- _How to complete this task_: Give back a single number: the count of lines in the data that contain the string "ezdxf".

- _Records supplied_:
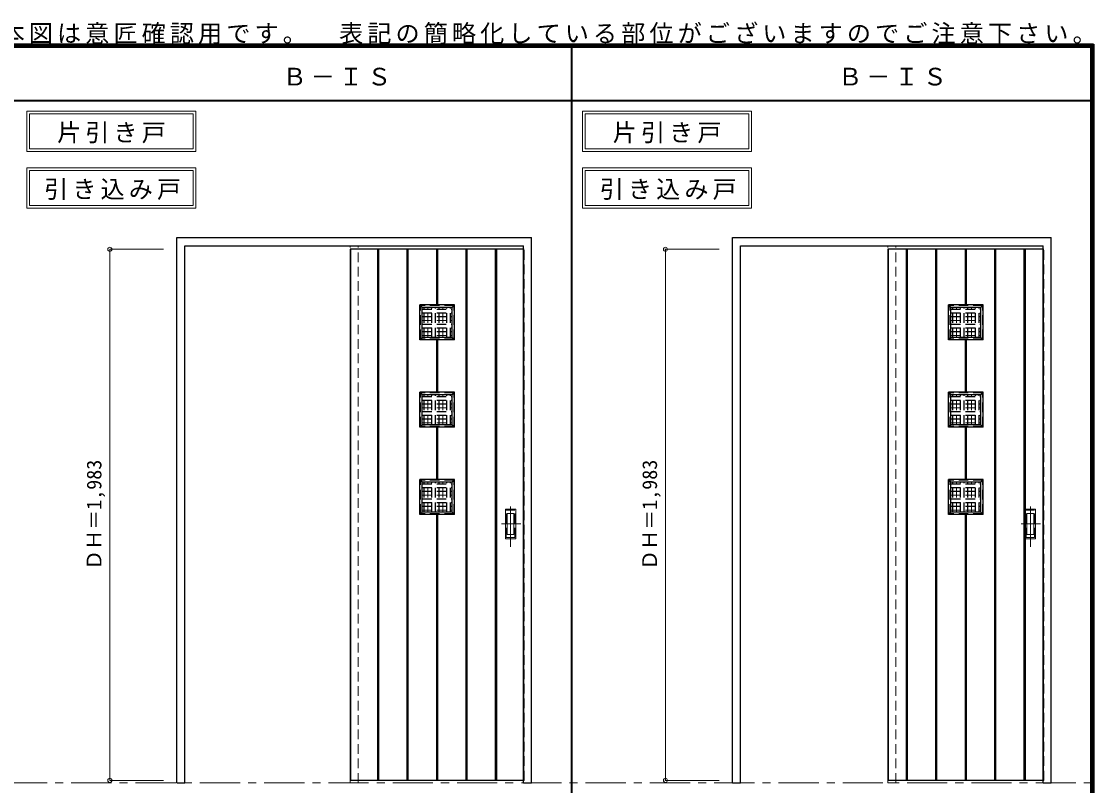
# Model space of a CAD drawing. Units: millimetres, scale not verified. Extents: x -6000 to 5700, y -4307 to 4260.
# Drawn here: x 1698 to 5700, y 1407 to 4260 of the extents above; entities that cross this region are included whole.
import ezdxf
from ezdxf.enums import TextEntityAlignment as Align

# ---------------------------------------------------------------- set-up
doc = ezdxf.new("R2010")
doc.units = ezdxf.units.MM
doc.header["$LTSCALE"] = 30
doc.header["$PDMODE"] = 32
doc.header["$PDSIZE"] = 15
doc.linetypes.add('CHAIN1', pattern=[8, 5, -1, 1, -1])
doc.linetypes.add('DASHED1', pattern=[1.8, 1.2, -0.6])
for name, color, linetype, lineweight in [('0-1_通り芯', 7, 'CHAIN1', 18), ('0-2_扉', 4, 'Continuous', 9), ('0-3_仕上げ', 3, 'Continuous', 25), ('0-4_枠', 3, 'Continuous', 25), ('0-A_文字', 7, 'Continuous', 18), ('0-B_寸法', 7, 'Continuous', 18), ('0-C_ハッチ', 4, 'DASHED1', 9), ('F-1_枠', 6, 'Continuous', 40)]:
    doc.layers.add(name, color=color, linetype=linetype, lineweight=lineweight)
doc.styles.add('ＭＳ ゴシック', font='')
doc.styles.get('ＭＳ ゴシック').set_extended_font_data('MS Gothic')

msp = doc.modelspace()

# ---------------------------------------------------------------- linework, layer by layer
at = {"layer": '0-1_通り芯'}
msp.add_line((-2916, 1418), (5690, 1418), dxfattribs=at)
at = {"layer": '0-2_扉', "linetype": 'DASHED1'}
for p, q in [((2925, 3409.5), (2925, 3405.5)), ((3572, 3409.5), (3575, 3409.5)), ((4932, 3409.5), (4932, 3405.5)), ((5512, 3409.5), (5515, 3409.5))]:
    msp.add_line(p, q, dxfattribs=at)
at = {"layer": '0-2_扉', "color": 3, "lineweight": 25}
for p, q in [((2925, 3409.5), (2925, 1426.5)), ((3573, 3409.5), (2925, 3409.5)), ((4932, 3409.5), (4932, 1426.5)), ((5513, 3409.5), (4932, 3409.5)), ((3573, 1426.5), (2925, 1426.5)), ((5513, 1426.5), (4932, 1426.5))]:
    msp.add_line(p, q, dxfattribs=at)
at = {"layer": '0-2_扉', "linetype": 'DASHED1'}
for points in [[(3572, 1426.5), (3575, 1426.5), (3575, 3409.5)], [(5512, 1426.5), (5515, 1426.5), (5515, 3409.5)]]:
    msp.add_lwpolyline(points, dxfattribs=at)
at = {"layer": '0-3_仕上げ'}
for p, q in [((2927, 1426.5), (2927, 3409.5)), ((3028, 1426.5), (3028, 3409.5)), ((3032, 1426.5), (3032, 3409.5)), ((3138, 1426.5), (3138, 3409.5)), ((3142, 1426.5), (3142, 3409.5)), ((3248, 3201.5), (3248, 3409.5)), ((3252, 3201.5), (3252, 3409.5)), ((3358, 1426.5), (3358, 3409.5)), ((3362, 1426.5), (3362, 3409.5)), ((3468, 1426.5), (3468, 3409.5)), ((3472, 1426.5), (3472, 3409.5)), ((3573, 1426.5), (3573, 3409.5)), ((4934, 1426.5), (4934, 3409.5)), ((5001.5, 1426.5), (5001.5, 3409.5)), ((5005.5, 1426.5), (5005.5, 3409.5)), ((5111.5, 1426.5), (5111.5, 3409.5)), ((5115.5, 1426.5), (5115.5, 3409.5)), ((5221.5, 3201.5), (5221.5, 3409.5)), ((5225.5, 3201.5), (5225.5, 3409.5)), ((5331.5, 1426.5), (5331.5, 3409.5)), ((5335.5, 1426.5), (5335.5, 3409.5)), ((5441.5, 1426.5), (5441.5, 3409.5)), ((5445.5, 1426.5), (5445.5, 3409.5)), ((5513, 1426.5), (5513, 3409.5)), ((3315, 3201.5), (3185, 3201.5)), ((3185, 3071.5), (3185, 3201.5)), ((3185, 3201.5), (3194, 3192.5)), ((3306, 3192.5), (3194, 3192.5)), ((3194, 3080.5), (3194, 3192.5)), ((3306, 3192.5), (3315, 3201.5)), ((3306, 3080.5), (3306, 3192.5)), ((3315, 3071.5), (3315, 3201.5)), ((5288.5, 3201.5), (5158.5, 3201.5)), ((5158.5, 3071.5), (5158.5, 3201.5)), ((5158.5, 3201.5), (5167.5, 3192.5)), ((5279.5, 3192.5), (5167.5, 3192.5)), ((5167.5, 3080.5), (5167.5, 3192.5)), ((5279.5, 3192.5), (5288.5, 3201.5)), ((5279.5, 3080.5), (5279.5, 3192.5)), ((5288.5, 3071.5), (5288.5, 3201.5)), ((3315, 3071.5), (3185, 3071.5)), ((3248, 2875.5), (3248, 3071.5)), ((3252, 2875.5), (3252, 3071.5)), ((3306, 3080.5), (3315, 3071.5)), ((5288.5, 3071.5), (5158.5, 3071.5)), ((5221.5, 2875.5), (5221.5, 3071.5)), ((5225.5, 2875.5), (5225.5, 3071.5)), ((5279.5, 3080.5), (5288.5, 3071.5)), ((3315, 2875.5), (3185, 2875.5)), ((3185, 2745.5), (3185, 2875.5)), ((3185, 2875.5), (3194, 2866.5)), ((3306, 2866.5), (3194, 2866.5)), ((3194, 2754.5), (3194, 2866.5)), ((3306, 2866.5), (3315, 2875.5)), ((3306, 2754.5), (3306, 2866.5)), ((3315, 2745.5), (3315, 2875.5)), ((5288.5, 2875.5), (5158.5, 2875.5)), ((5158.5, 2745.5), (5158.5, 2875.5)), ((5158.5, 2875.5), (5167.5, 2866.5)), ((5279.5, 2866.5), (5167.5, 2866.5)), ((5167.5, 2754.5), (5167.5, 2866.5)), ((5279.5, 2866.5), (5288.5, 2875.5)), ((5279.5, 2754.5), (5279.5, 2866.5)), ((5288.5, 2745.5), (5288.5, 2875.5)), ((3315, 2745.5), (3185, 2745.5)), ((3248, 2549.5), (3248, 2745.5)), ((3252, 2549.5), (3252, 2745.5)), ((3306, 2754.5), (3315, 2745.5)), ((5288.5, 2745.5), (5158.5, 2745.5)), ((5221.5, 2549.5), (5221.5, 2745.5)), ((5225.5, 2549.5), (5225.5, 2745.5)), ((5279.5, 2754.5), (5288.5, 2745.5)), ((3315, 2549.5), (3185, 2549.5)), ((3185, 2419.5), (3185, 2549.5)), ((3185, 2549.5), (3194, 2540.5)), ((3306, 2540.5), (3194, 2540.5)), ((3194, 2428.5), (3194, 2540.5)), ((3306, 2540.5), (3315, 2549.5)), ((3306, 2428.5), (3306, 2540.5)), ((3315, 2419.5), (3315, 2549.5)), ((5288.5, 2549.5), (5158.5, 2549.5)), ((5158.5, 2419.5), (5158.5, 2549.5)), ((5158.5, 2549.5), (5167.5, 2540.5)), ((5279.5, 2540.5), (5167.5, 2540.5)), ((5167.5, 2428.5), (5167.5, 2540.5)), ((5279.5, 2540.5), (5288.5, 2549.5)), ((5279.5, 2428.5), (5279.5, 2540.5)), ((5288.5, 2419.5), (5288.5, 2549.5)), ((3315, 2419.5), (3185, 2419.5)), ((3248, 1426.5), (3248, 2419.5)), ((3252, 1426.5), (3252, 2419.5)), ((3306, 2428.5), (3315, 2419.5)), ((5288.5, 2419.5), (5158.5, 2419.5)), ((5221.5, 1426.5), (5221.5, 2419.5)), ((5225.5, 1426.5), (5225.5, 2419.5)), ((5279.5, 2428.5), (5288.5, 2419.5))]:
    msp.add_line(p, q, dxfattribs=at)
at = {"layer": '0-3_仕上げ', "color": 7, "lineweight": 18}
for p, q in [((3030, 1426.5), (3030, 3409.5)), ((3140, 1426.5), (3140, 3409.5)), ((3250, 3201.5), (3250, 3409.5)), ((3360, 1426.5), (3360, 3409.5)), ((3470, 1426.5), (3470, 3409.5)), ((5003.5, 1426.5), (5003.5, 3409.5)), ((5113.5, 1426.5), (5113.5, 3409.5)), ((5223.5, 3201.5), (5223.5, 3409.5)), ((5333.5, 1426.5), (5333.5, 3409.5)), ((5443.5, 1426.5), (5443.5, 3409.5)), ((3250, 2875.5), (3250, 3071.5)), ((5223.5, 2875.5), (5223.5, 3071.5)), ((3250, 2549.5), (3250, 2745.5)), ((5223.5, 2549.5), (5223.5, 2745.5)), ((3250, 1426.5), (3250, 2419.5)), ((5223.5, 1426.5), (5223.5, 2419.5))]:
    msp.add_line(p, q, dxfattribs=at)
at = {"layer": '0-3_仕上げ', "linetype": 'DASHED1'}
for p, q in [((3313, 3199.5), (3187, 3199.5)), ((3313, 3073.5), (3313, 3199.5)), ((5286.5, 3199.5), (5160.5, 3199.5)), ((5286.5, 3073.5), (5286.5, 3199.5)), ((3313, 2873.5), (3187, 2873.5)), ((3313, 2747.5), (3313, 2873.5)), ((5286.5, 2873.5), (5160.5, 2873.5)), ((5286.5, 2747.5), (5286.5, 2873.5)), ((3313, 2547.5), (3187, 2547.5)), ((3313, 2421.5), (3313, 2547.5)), ((5286.5, 2547.5), (5160.5, 2547.5)), ((5286.5, 2421.5), (5286.5, 2547.5))]:
    msp.add_line(p, q, dxfattribs=at)
for points in [[(3313, 3073.5), (3187, 3073.5), (3187, 3199.5)], [(5286.5, 3073.5), (5160.5, 3073.5), (5160.5, 3199.5)], [(3313, 2747.5), (3187, 2747.5), (3187, 2873.5)], [(5286.5, 2747.5), (5160.5, 2747.5), (5160.5, 2873.5)], [(3313, 2421.5), (3187, 2421.5), (3187, 2547.5)], [(5286.5, 2421.5), (5160.5, 2421.5), (5160.5, 2547.5)]]:
    msp.add_lwpolyline(points, dxfattribs=at)
at = {"layer": '0-3_仕上げ'}
for points in [[(3306, 3080.5), (3194, 3080.5), (3185, 3071.5)], [(5279.5, 3080.5), (5167.5, 3080.5), (5158.5, 3071.5)], [(3306, 2754.5), (3194, 2754.5), (3185, 2745.5)], [(5279.5, 2754.5), (5167.5, 2754.5), (5158.5, 2745.5)], [(3306, 2428.5), (3194, 2428.5), (3185, 2419.5)], [(5279.5, 2428.5), (5167.5, 2428.5), (5158.5, 2419.5)]]:
    msp.add_lwpolyline(points, dxfattribs=at)
at = {"layer": '0-4_枠'}
for p, q in [((2278, 1418), (2278, 3453)), ((2278, 3453), (3602, 3453)), ((3602, 1418), (3602, 3453)), ((4352, 1418), (4352, 3453)), ((4352, 3453), (5542, 3453)), ((5542, 1418), (5542, 3453)), ((2308, 3423), (3572, 3423)), ((3572, 1418), (3572, 3423)), ((4382, 3423), (5512, 3423)), ((5512, 1418), (5512, 3423)), ((3572, 1418), (3602, 1418)), ((5512, 1418), (5542, 1418))]:
    msp.add_line(p, q, dxfattribs=at)
at = {"layer": '0-4_枠', "color": 4, "linetype": 'DASHED1', "lineweight": 9}
for p, q in [((2925, 1418), (2925, 3423)), ((2955, 1418), (2955, 3423)), ((4932, 1418), (4932, 3423)), ((4962, 1418), (4962, 3423)), ((2925, 1418), (2955, 1418)), ((4932, 1418), (4962, 1418))]:
    msp.add_line(p, q, dxfattribs=at)
at = {"layer": '0-4_枠'}
for points in [[(2278, 1418), (2308, 1418), (2308, 3423)], [(4352, 1418), (4382, 1418), (4382, 3423)]]:
    msp.add_lwpolyline(points, dxfattribs=at)
at = {"layer": '0-A_文字'}
for p, q in [((1718, 3925), (1718, 3775)), ((3792, 3925), (3792, 3775)), ((1728, 3915), (1728, 3785)), ((1728, 3915), (2339.03, 3915)), ((2339.03, 3915), (2339.03, 3785)), ((3802, 3915), (3802, 3785)), ((3802, 3915), (4413.03, 3915)), ((4413.03, 3915), (4413.03, 3785)), ((1718, 3775), (2349.03, 3775)), ((1728, 3785), (2339.03, 3785)), ((3792, 3775), (4423.03, 3775)), ((3802, 3785), (4413.03, 3785)), ((1718, 3713.53), (1718, 3563.53)), ((1728, 3703.53), (1728, 3573.53)), ((1728, 3703.53), (2339.03, 3703.53)), ((2339.03, 3703.53), (2339.03, 3573.53)), ((3792, 3713.53), (3792, 3563.53)), ((3802, 3703.53), (3802, 3573.53)), ((3802, 3703.53), (4413.03, 3703.53)), ((4413.03, 3703.53), (4413.03, 3573.53)), ((1718, 3563.53), (2349.03, 3563.53)), ((1728, 3573.53), (2339.03, 3573.53)), ((3792, 3563.53), (4423.03, 3563.53)), ((3802, 3573.53), (4413.03, 3573.53))]:
    msp.add_line(p, q, dxfattribs=at)
for points in [[(1718, 3925), (2349.03, 3925), (2349.03, 3775)], [(3792, 3925), (4423.03, 3925), (4423.03, 3775)], [(1718, 3713.53), (2349.03, 3713.53), (2349.03, 3563.53)], [(3792, 3713.53), (4423.03, 3713.53), (4423.03, 3563.53)]]:
    msp.add_lwpolyline(points, dxfattribs=at)
at = {"layer": '0-B_寸法', "color": 4, "lineweight": 9}
for p, q in [((2028, 3409.5), (2028, 1426.5)), ((2028, 3409.5), (2228, 3409.5)), ((4102, 3409.5), (4102, 1426.5)), ((4102, 3409.5), (4302, 3409.5)), ((2028, 1426.5), (2228, 1426.5)), ((4102, 1426.5), (4302, 1426.5))]:
    msp.add_line(p, q, dxfattribs=at)
at = {"layer": '0-B_寸法', "linetype": 'CHAIN1'}
for p, q in [((3524, 2298.77), (3524, 2469.62)), ((5464, 2298.77), (5464, 2469.62)), ((3562.07, 2384), (3489.56, 2384)), ((5502.07, 2384), (5429.56, 2384))]:
    msp.add_line(p, q, dxfattribs=at)
at = {"layer": '0-B_寸法'}
for p, q in [((3543, 2439), (3505, 2439)), ((3505, 2329), (3505, 2439)), ((3536.5, 2423), (3511.5, 2423)), ((3511.5, 2345), (3511.5, 2423)), ((3536.5, 2345), (3536.5, 2423)), ((3543, 2329), (3543, 2439)), ((5483, 2439), (5445, 2439)), ((5445, 2329), (5445, 2439)), ((5476.5, 2423), (5451.5, 2423)), ((5451.5, 2345), (5451.5, 2423)), ((5476.5, 2345), (5476.5, 2423)), ((5483, 2329), (5483, 2439)), ((3543, 2329), (3505, 2329)), ((3536.5, 2345), (3511.5, 2345)), ((5483, 2329), (5445, 2329)), ((5476.5, 2345), (5451.5, 2345))]:
    msp.add_line(p, q, dxfattribs=at)
at = {"layer": '0-B_寸法', "linetype": 'DASHED1'}
for p, q in [((3508, 2333), (3508, 2435)), ((5448, 2333), (5448, 2435)), ((3540, 2333), (3508, 2333)), ((5480, 2333), (5448, 2333))]:
    msp.add_line(p, q, dxfattribs=at)
for points in [[(3540, 2333), (3540, 2435), (3508, 2435)], [(5480, 2333), (5480, 2435), (5448, 2435)]]:
    msp.add_lwpolyline(points, dxfattribs=at)
at = {"layer": '0-B_寸法'}
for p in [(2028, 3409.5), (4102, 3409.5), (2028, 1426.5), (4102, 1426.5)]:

- _Task output_: 4